Light Passes Through

What will we be learning today?

  • In this lesson, we are going to learn all about what can light pass through.

  • What Can Light Pass Through?

    Sometimes when light strikes matter, almost all the light gets through. Sometimes only some light gets through. Sometimes none of it gets through.


    Opaque materials completely block light from passing through.

    Transparent materials allow light to pass through with almost no disturbance. Transparent materials may or may not color the light, but you can see objects clearly through them

    Translucent materials allow only part of the light to pass through, while also bouncing it in many new directions. Since translucent materials give only a blurry view, they are often used in shower doors. They let some light in, but provide privacy.


    Which objects in this scene are transparent? Translucent? Opaque?


    You might think empty space is opaque to light. After all, light and sound are both waves, and sound waves do need some kind of matter to travel through. However, as the starry night sky shows, light can travel through empty space.
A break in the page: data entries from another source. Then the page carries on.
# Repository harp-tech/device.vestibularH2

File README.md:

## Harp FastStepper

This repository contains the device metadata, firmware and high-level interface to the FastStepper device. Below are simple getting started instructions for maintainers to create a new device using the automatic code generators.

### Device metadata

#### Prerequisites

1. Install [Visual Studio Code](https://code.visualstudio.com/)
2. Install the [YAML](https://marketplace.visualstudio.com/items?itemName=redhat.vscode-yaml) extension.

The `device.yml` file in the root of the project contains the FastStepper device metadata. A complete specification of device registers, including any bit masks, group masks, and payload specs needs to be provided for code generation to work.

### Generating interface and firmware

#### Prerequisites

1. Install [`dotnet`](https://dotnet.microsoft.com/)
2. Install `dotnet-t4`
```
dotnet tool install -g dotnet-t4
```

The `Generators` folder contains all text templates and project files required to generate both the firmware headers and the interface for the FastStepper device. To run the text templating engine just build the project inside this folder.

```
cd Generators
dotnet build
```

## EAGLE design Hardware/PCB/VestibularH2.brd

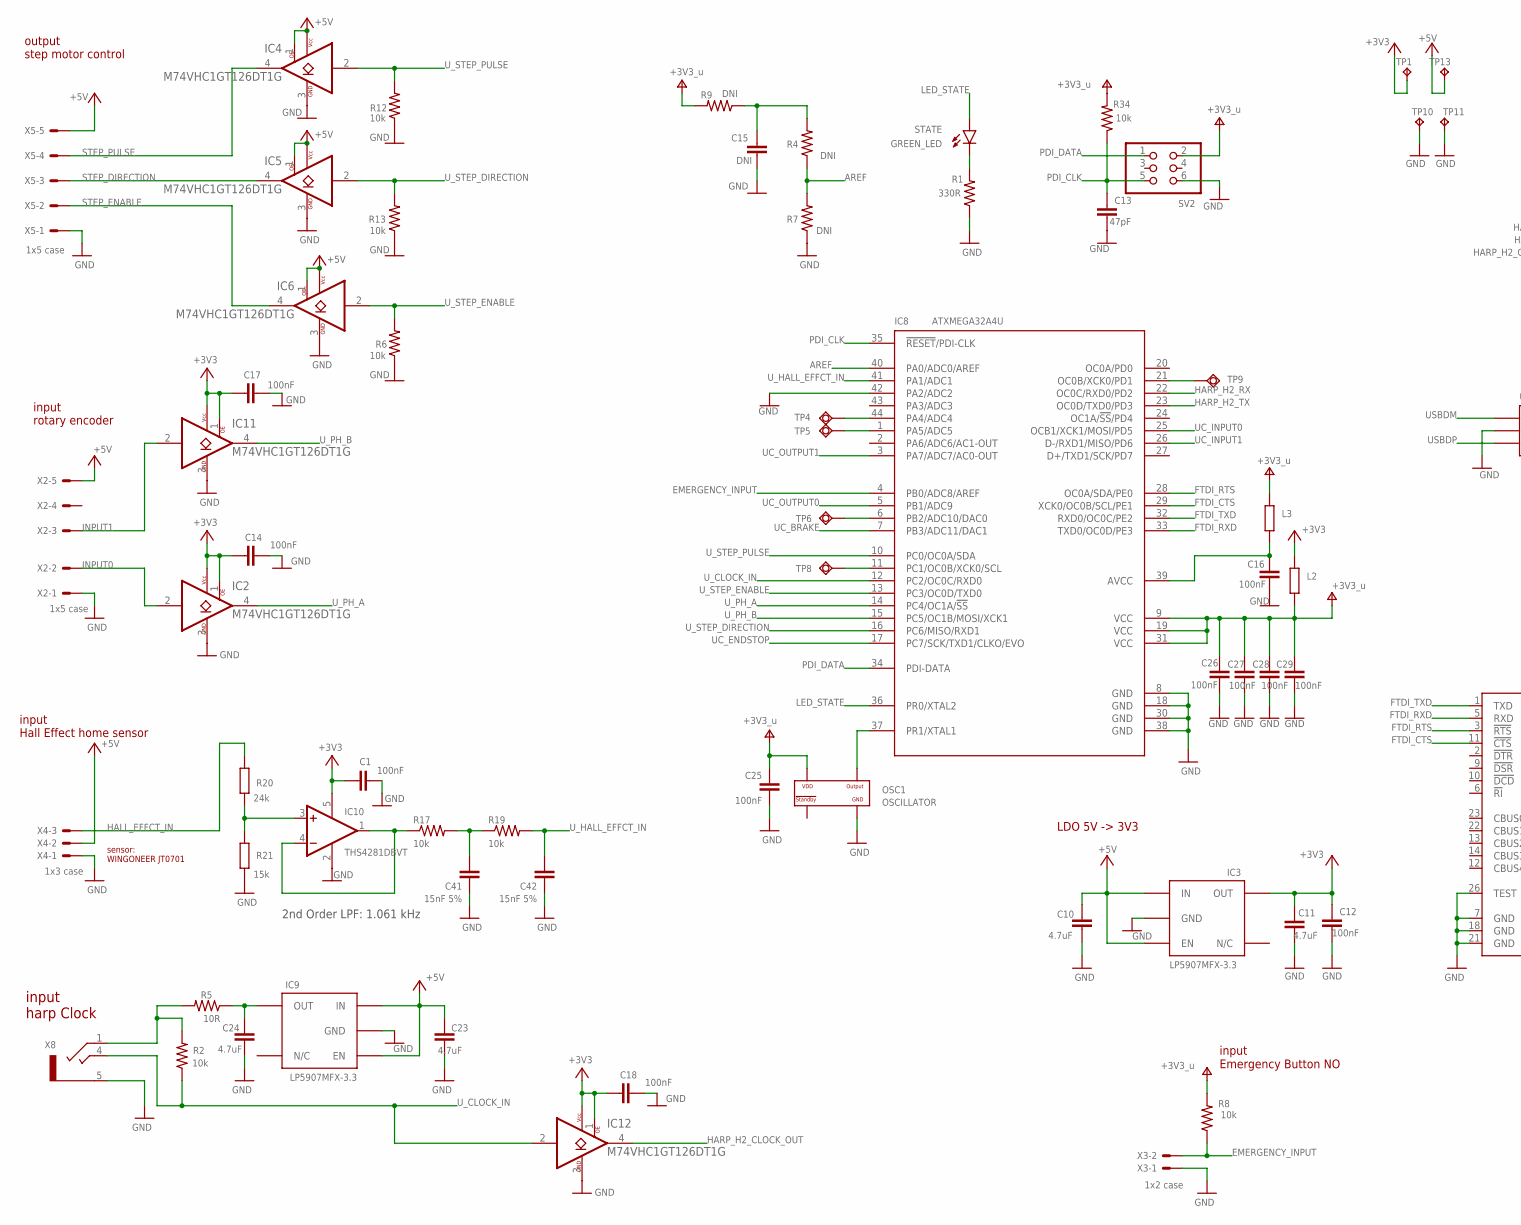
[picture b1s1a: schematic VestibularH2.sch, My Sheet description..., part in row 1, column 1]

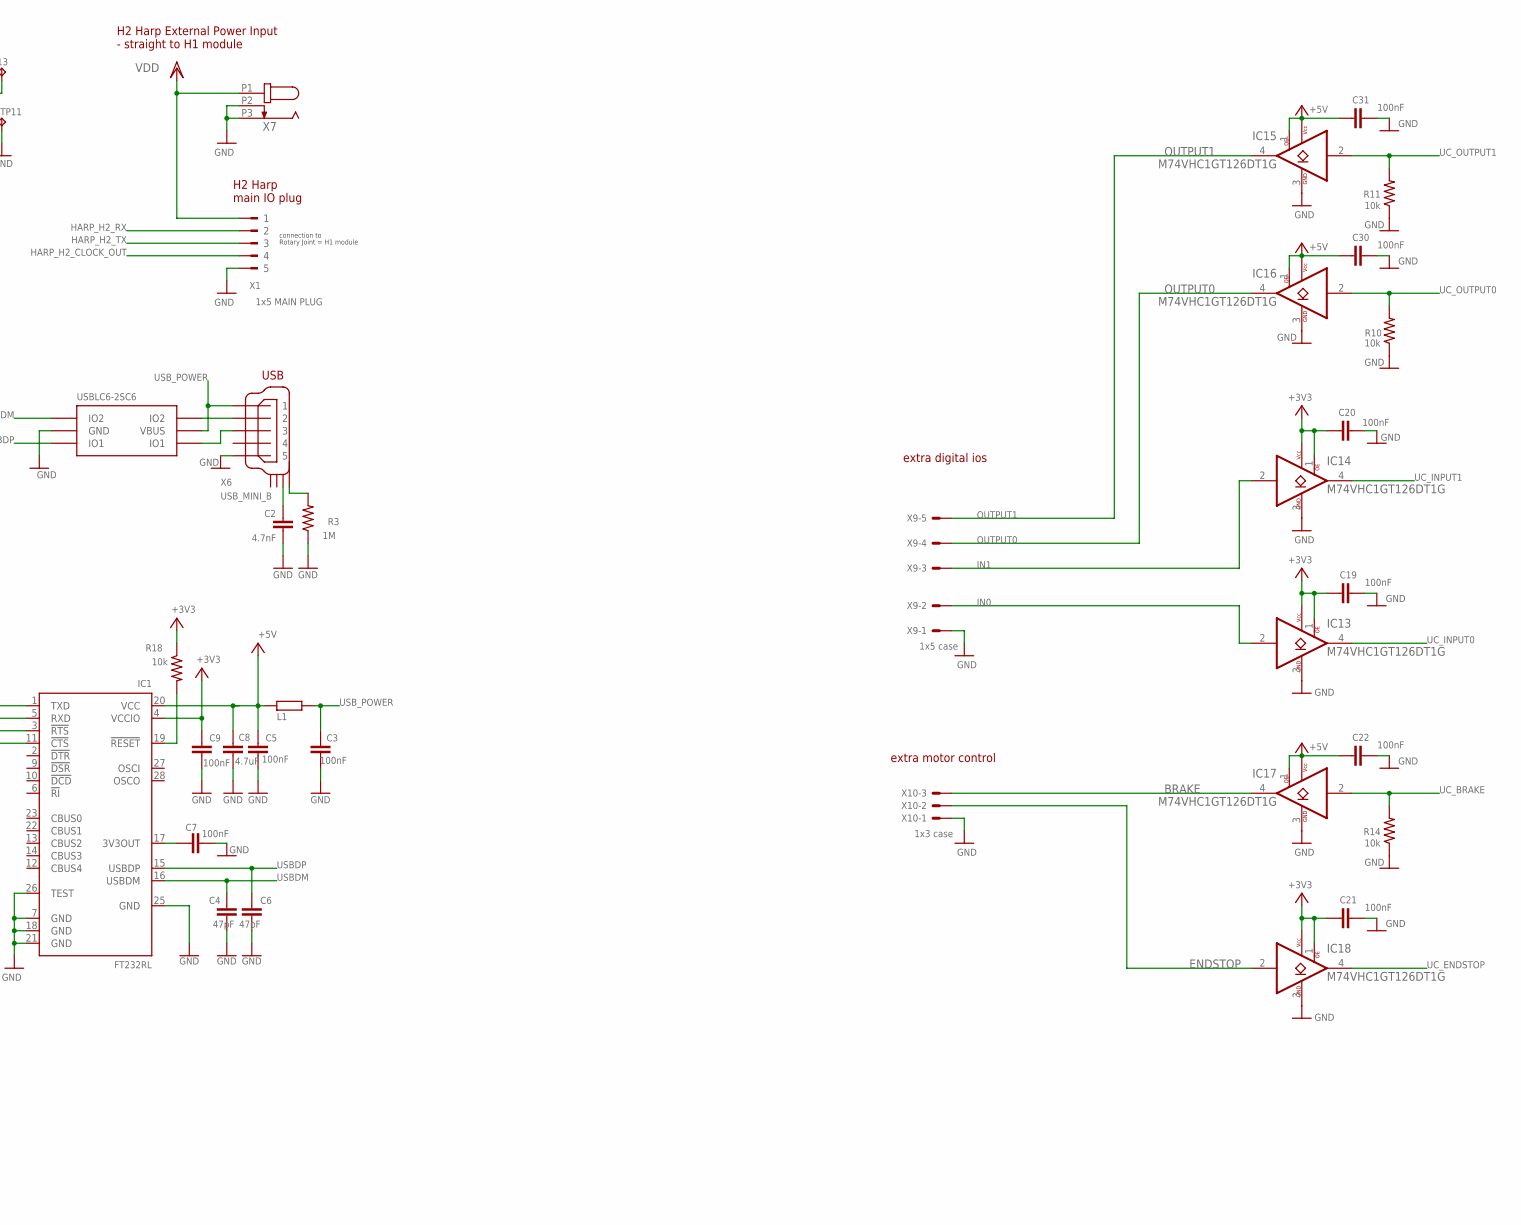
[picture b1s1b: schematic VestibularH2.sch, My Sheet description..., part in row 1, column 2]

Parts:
C1, C3, C5, C7, C9, C12, C14, C16, C17, C18, C19, C20, C21, C22, C25, C26, C27, C28, C29, C30, C31: 100nF; C0402K; MPN C1005X7R1H104K050BB
C2: 4.7nF; C0402K; MPN CC0402KRX7R8BB472
C4, C6, C13: 47pF; C0402K; MPN 04025A470JAT2A
C8, C10, C11, C23, C24: 4.7uF; C0603K; MPN C1608X6S1C475K080AC
C15: DNI; C0603K; MPN DNI
C41, C42: 15nF 5%; C0402K; MPN CGA2B3X7R1V153K050BB
IC1: FT232RL; SSOP28; MPN FT232RL
IC2, IC4, IC5, IC6, IC11, IC12, IC13, IC14, IC15, IC16, IC17, IC18: M74VHC1GT126DT1G; TSOP-5; MPN M74VHC1GT126DT1G; DIGIKEY_PN M74VHC1GT126DT1GOSDKR-ND
IC3, IC9: LP5907MFX-3.3; TSOT23-5; MPN LP5907MFX-3.3/NOPB
IC7: USBLC6-2SC6; SOT23-6L; MPN USBLC6-2SC6
IC8: ATXMEGA32A4U; TQFP44; MPN ATXMEGA32A4U-AUR
IC10: THS4281DBVT; SOT23-5; MPN THS4281DBVT
L1, L2, L3: 40R@100MHz; R0805; MPN MI0805K400R-10
OSC1: OSCILLATOR; OSCILLATOR_3.2X2.5; MPN DSC1001CI5-032.0000
R1: 330R; R0402; MPN RC0402FR-07330RL
R2, R6, R8, R10, R11, R12, R13, R14, R17, R18, R19, R34: 10k; R0402; MPN CRCW040210K0FKED
R3: 1M; R0402; MPN CRCW04021M00FKED
R4, R7, R9: DNI; R0402; MPN DNI
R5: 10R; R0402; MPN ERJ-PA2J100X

    Light from celestial objects, such as this galaxy, passes through empty space to reach us.


    Controlling Light

    In our daily lives, we use many products to control light. You may be familiar with some of the products.


    One of the most interesting ways for controlling light depends on polarization (poh luhr uh ZAY shuhn). Light travels in waves. Normally these waves vibrate in all directions. However, light can be polarized by some materials. That is, only one direction of light vibrations can pass through them.


    One of the most interesting ways for controlling light depends on polarization (poh luhr uh ZAY shuhn). Light travels in waves. Normally these waves vibrate in all directions. However, light can be polarized by some materials. That is, only one direction of light vibrations can pass through them.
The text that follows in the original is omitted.